• _TASK ITEM_: Write out, word for word, the part of the listing below that opens with the line containing "line L9 (-13.5348, -1.295)" and closes with the line containing "line L36 (-0.3963, 0.105)", keeping both of those lines and adding no others.

• _RAW DATA_:
━━━━━━━━━━━━━━━━━━━━━━━━━━━━━━

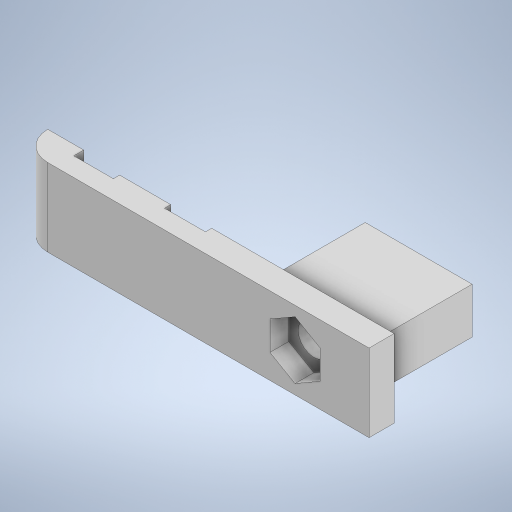
# Autodesk Inventor part: stereotax_side
Saved by Autodesk Inventor 2023.3 (Build 273359000, 359)
## iProperties
Created: 2023-07-12
Part Number: stereotax_side
Material: Generic
Document SubType Name: Modeling
Designer: joao
Density: 1 g/cm^3
Appearance: Default
Author: joao
Autodesk Inventor part; units mm, degrees
ref_plane "YZ Plane" through (0, 0, 0) normal (1, 0, 0) x (0, 1, 0)
ref_plane "XZ Plane" through (0, 0, 0) normal (0, 1, 0) x (-1, 0, 0)
ref_plane "XY Plane" through (0, 0, 0) normal (0, 0, 1) x (1, 0, 0)
sketch "Sketch1" plane through (0, 0, 0) normal (0, 0, 1) x (1, 0, 0)
  line L0 (0.142, 0.105) -> (28.1, 0.105)
  line L1 (28.1, -1.295) -> (0.142, -1.295)
  line L2 (0.142, -1.295) -> (0.142, 0.105)
  line L3 (28.1, -1.295) -> (28.1, 0.105)
  line L4 (0.142, -1.295) -> (0.142, 0.105)
  line L5 (10.2623, 4.905) -> (13.5348, 4.905) projected
  line L6 (6.1805, 3.905) -> (10.2623, 3.905) projected
  line L7 (10.2623, 0.105) -> (6.1805, 0.105) projected
  line L8 (0.142, 4.905) -> (28.1, 4.905)
  line L9 (28.1, 4.905) -> (28.1, 3.905)
  line L10 (28.1, 3.905) -> (0.142, 3.905)
  line L11 (0.142, 3.905) -> (0.142, 4.905)
  line L12 (0.142, -1.295) -> (0.142, 0.105)
  line L13 (28.1, 3.905) -> (28.1, 0.105)
  line L14 (0.142, 3.905) -> (0.142, 0.105)
  line L15 (3.1, -1.295) -> (29.6, -1.295) projected
  line L16 (0.142, -1.295) -> (0.142, 0.105) projected
  constraints: 24 end point, 7 collinear, 4 parallel, 2 horizontal, 1 perpendicular, 1 vertical
extrude "side" add sketch "Sketch1" along normal blind 2
sketch "Sketch2" plane through (0, 0, 0) normal (0, 0, -1) x (-1, 0, 0)
  line L0 (-26.6, -0.295) -> (-17.7228, -0.295) projected
  circle A0 centre (-22.1893, 1.8051) radius 1.1 projected
  line L1 (-26.6, -0.295) -> (-17.7228, -0.295) projected
  line L2 (-26.6, 3.705) -> (-26.6, -0.295) projected
  line L3 (-17.7228, 3.705) -> (-26.6, 3.705) projected
  line L4 (-17.8928, -0.125) -> (-26.43, -0.125)
  line L5 (-26.43, -0.125) -> (-26.43, 3.535)
  line L6 (-26.43, 3.535) -> (-17.8928, 3.535)
  circle A1 centre (-22.1893, 1.8051) radius 1.25
  line L7 (-17.8928, 3.535) -> (-17.8928, -0.125)
  line L8 (-17.7228, -0.295) -> (-17.7228, 3.905) projected
  point P0 (0, 0)
  dimension "d2" = 0.17
  dimension "d4" = 0.17
  dimension "d5" = 0.17
  dimension "d6" = 2.5
  dimension "d25" = 0.17
  constraints: 8 end point, 1 centre point, 1 coincident, 1 horizontal, 1 parallel, 1 perpendicular, 1 vertical, 1 other
  measures "d2" distance between parallel lines of L0 L4
  measures "d5" distance between parallel lines of L2 L5
  measures "d6" diameter of A1
  measures "d25" distance between parallel lines of L8 L7
extrude "sliding_block" add sketch "Sketch2" along normal blind 7.9 contours L4 L5 L6 L7
sketch "Sketch3" plane through (22.1893, 1.8051, 0) normal (0, 0, -1) x (-1, 0, 0)
  circle A0 centre (0, 0) radius 1.25 projected
  point P0 (22.1893, -1.8051)
extrude "hole" cut sketch "Sketch3" against normal up to surface (2 mm away)
sketch "Sketch4" plane through (0, 0, 0) normal (0, 0, -1) x (-1, 0, 0)
  line L0 (-3.0135, 4.905) -> (-6.1805, 4.905) projected
  line L1 (-3.0135, 3.905) -> (-3.0135, 4.905) projected
  line L2 (-0.3963, 3.905) -> (-3.0135, 3.905) projected
  line L3 (-3.0135, 0.105) -> (-0.3963, 0.105) projected
  line L4 (-3.0135, -1.295) -> (-3.0135, 0.105) projected
  line L5 (-6.1805, -1.295) -> (-3.0135, -1.295) projected
  line L6 (-6.1805, 0.105) -> (-6.1805, -1.295) projected
  line L7 (-10.2623, 0.105) -> (-6.1805, 0.105) projected
  line L8 (-10.2623, -1.295) -> (-10.2623, 0.105) projected
  line L9 (-13.5348, -1.295) -> (-10.2623, -1.295) projected
  line L10 (-13.5348, 0.105) -> (-13.5348, -1.295) projected
  line L11 (-14, 0.105) -> (-13.5348, 0.105) projected
  line L12 (-14, 3.905) -> (-14, 0.105) projected
  line L13 (-13.5348, 3.905) -> (-14, 3.905) projected
  line L14 (-13.5348, 4.905) -> (-13.5348, 3.905) projected
  line L15 (-10.2623, 4.905) -> (-13.5348, 4.905) projected
  line L16 (-10.2623, 3.905) -> (-10.2623, 4.905) projected
  line L17 (-6.1805, 3.905) -> (-10.2623, 3.905) projected
  line L18 (-6.1805, 4.905) -> (-6.1805, 3.905) projected
  line L19 (-6.1805, -1.295) -> (-3.0135, -1.295) projected
  line L20 (-6.1805, 0.105) -> (-6.1805, -1.295) projected
  line L21 (-10.2623, 0.105) -> (-6.1805, 0.105) projected
  line L22 (-10.2623, -1.295) -> (-10.2623, 0.105) projected
  line L23 (-13.5348, -1.295) -> (-10.2623, -1.295) projected
  line L24 (-13.5348, 0.105) -> (-13.5348, -1.295) projected
  line L25 (-14, 0.105) -> (-13.5348, 0.105) projected
  line L26 (-14, 3.905) -> (-14, 0.105) projected
  line L27 (-13.5348, 3.905) -> (-14, 3.905) projected
  line L28 (-13.5348, 4.905) -> (-13.5348, 3.905) projected
  line L29 (-10.2623, 4.905) -> (-13.5348, 4.905) projected
  line L30 (-10.2623, 3.905) -> (-10.2623, 4.905) projected
  line L31 (-6.1805, 3.905) -> (-10.2623, 3.905) projected
  line L32 (-6.1805, 4.905) -> (-6.1805, 3.905) projected
  line L33 (-3.0135, 4.905) -> (-6.1805, 4.905) projected
  line L34 (-3.0135, 3.905) -> (-3.0135, 4.905) projected
  line L35 (-0.3963, 3.905) -> (-3.0135, 3.905) projected
  line L36 (-0.3963, 0.105) -> (-0.3963, 3.905) projected
  line L37 (-3.0135, 0.105) -> (-0.3963, 0.105) projected
  line L38 (-3.0135, -1.295) -> (-3.0135, 0.105) projected
  line L39 (-0.3963, 0.105) -> (-0.142, 0.105)
  line L40 (-0.142, 4.905) -> (-0.142, -1.295) projected
  line L41 (-0.3963, 3.905) -> (-0.142, 3.905)
  line L42 (-0.142, 3.905) -> (-0.142, 0.105)
  constraints: 6 end point, 3 point on line, 1 horizontal, 1 perpendicular
extrude "alignment_cut" cut sketch "Sketch4" against normal blind 0.5
sketch "Sketch5" plane through (0, 0, 2) normal (0, 0, 1) x (1, 0, 0)
  line L0 (22.1893, 4.1145) -> (24.1893, 2.9598)
  line L1 (24.1893, 2.9598) -> (24.1893, 0.6504)
  line L2 (24.1893, 0.6504) -> (22.1893, -0.5043)
  line L3 (22.1893, -0.5043) -> (20.1893, 0.6504)
  line L4 (20.1893, 0.6504) -> (20.1893, 2.9598)
  line L5 (20.1893, 2.9598) -> (22.1893, 4.1145)
  circle A0 centre (22.1893, 1.8051) radius 1.25 projected
  point P0 (0, 0)
  dimension "d19" = 4
  constraints: 12 end point, 2 coincident, 1 vertical, 13 other
  measures "d19" distance between parallel lines of L4 L1
sketch "Sketch6" plane through (0, 0, 0) normal (0, 0, -1) x (-1, 0, 0)
  line L0 (-0.142, -1.295) -> (-28.1, -1.295) projected
  line L1 (-0.142, -1.295) -> (-28.1, -1.295) projected
  line L2 (-28.1, 4.905) -> (-0.142, 4.905) projected
  line L3 (-28.1, 4.905) -> (-13.5348, 4.905) projected
  line L4 (-3.0135, 3.905) -> (-3.0135, 4.905) projected
  line L5 (-0.142, 4.905) -> (-3.0135, 4.905) projected
  line L6 (-0.142, 3.905) -> (-3.0135, 3.905) projected
  line L7 (-0.142, -1.295) -> (-3.0135, -1.295) projected
  line L8 (-13.5348, -1.295) -> (-13.5348, 0.105) projected
  line L9 (-13.5348, 0.105) -> (-14, 0.105) projected
  line L10 (-14, 0.105) -> (-14, 3.905) projected
  line L11 (-14, 3.905) -> (-13.5348, 3.905) projected
  line L12 (-13.5348, 3.905) -> (-13.5348, 4.905) projected
  line L13 (-13.5348, -1.295) -> (-28.1, -1.295) projected
  line L14 (-10.2623, 0.105) -> (-10.2623, -1.295) projected
  line L15 (-6.1805, -1.295) -> (-10.2623, -1.295) projected
  line L16 (-6.1805, -1.295) -> (-6.1805, 0.105) projected
  line L17 (-6.1805, 0.105) -> (-10.2623, 0.105) projected
  line L18 (-3.0135, 0.105) -> (-3.0135, -1.295) projected
  line L19 (-0.142, 4.905) -> (-0.142, 3.905) projected
  line L20 (-3.0135, 4.905) -> (-3.0135, 3.905) projected
  line L21 (-10.2623, 4.905) -> (-10.2623, 3.905) projected
  line L22 (-10.2623, 3.905) -> (-6.1805, 3.905) projected
  line L23 (-6.1805, 3.905) -> (-6.1805, 4.905) projected
  line L24 (-3.0135, 4.905) -> (-0.142, 4.905) projected
  line L25 (-10.2623, 4.905) -> (-6.1805, 4.905) projected
  line L26 (-28.1, -1.295) -> (-28.1, 4.905) projected
  line L27 (-26.43, 3.535) -> (-17.8928, 3.535) projected
  line L28 (-17.8928, 3.535) -> (-17.8928, -0.125) projected
  line L29 (-17.8928, -0.125) -> (-26.43, -0.125) projected
  line L30 (-26.43, -0.125) -> (-26.43, 3.535) projected
  line L31 (-0.142, 3.905) -> (-0.142, 4.905) projected
  line L32 (-0.142, 0.105) -> (-0.142, -1.295) projected
  line L33 (-0.142, 0.105) -> (-3.0135, 0.105) projected
  line L34 (-3.0135, 3.905) -> (-0.142, 3.905) projected
  point P0 (-0.1, 0.105)
  point P1 (-0.1, 3.905)
extrude "probe_slot" add sketch "Sketch6" along normal blind 0.3 contours L0 L18 L33 L32 | L2 L19 L6 L4
extrude "nut_slot" cut sketch "Sketch5" against normal blind 1.5 contours L0 L1 L2 L3 L4 L5 | A0
fillet "Fillet3" radius 2.3 1 edges at (0.142, 1.805, 2)
equation "\"d4\" = d2"
equation "\"d5\" = d2"
equation "\"d25\" = d2"
body "Solid1"

━━━━━━━━━━━━━━━━━━━━━━━━━━━━━━

• _SOLUTION FOR THIS TASK_:
  line L9 (-13.5348, -1.295) -> (-10.2623, -1.295) projected
  line L10 (-13.5348, 0.105) -> (-13.5348, -1.295) projected
  line L11 (-14, 0.105) -> (-13.5348, 0.105) projected
  line L12 (-14, 3.905) -> (-14, 0.105) projected
  line L13 (-13.5348, 3.905) -> (-14, 3.905) projected
  line L14 (-13.5348, 4.905) -> (-13.5348, 3.905) projected
  line L15 (-10.2623, 4.905) -> (-13.5348, 4.905) projected
  line L16 (-10.2623, 3.905) -> (-10.2623, 4.905) projected
  line L17 (-6.1805, 3.905) -> (-10.2623, 3.905) projected
  line L18 (-6.1805, 4.905) -> (-6.1805, 3.905) projected
  line L19 (-6.1805, -1.295) -> (-3.0135, -1.295) projected
  line L20 (-6.1805, 0.105) -> (-6.1805, -1.295) projected
  line L21 (-10.2623, 0.105) -> (-6.1805, 0.105) projected
  line L22 (-10.2623, -1.295) -> (-10.2623, 0.105) projected
  line L23 (-13.5348, -1.295) -> (-10.2623, -1.295) projected
  line L24 (-13.5348, 0.105) -> (-13.5348, -1.295) projected
  line L25 (-14, 0.105) -> (-13.5348, 0.105) projected
  line L26 (-14, 3.905) -> (-14, 0.105) projected
  line L27 (-13.5348, 3.905) -> (-14, 3.905) projected
  line L28 (-13.5348, 4.905) -> (-13.5348, 3.905) projected
  line L29 (-10.2623, 4.905) -> (-13.5348, 4.905) projected
  line L30 (-10.2623, 3.905) -> (-10.2623, 4.905) projected
  line L31 (-6.1805, 3.905) -> (-10.2623, 3.905) projected
  line L32 (-6.1805, 4.905) -> (-6.1805, 3.905) projected
  line L33 (-3.0135, 4.905) -> (-6.1805, 4.905) projected
  line L34 (-3.0135, 3.905) -> (-3.0135, 4.905) projected
  line L35 (-0.3963, 3.905) -> (-3.0135, 3.905) projected
  line L36 (-0.3963, 0.105) -> (-0.3963, 3.905) projected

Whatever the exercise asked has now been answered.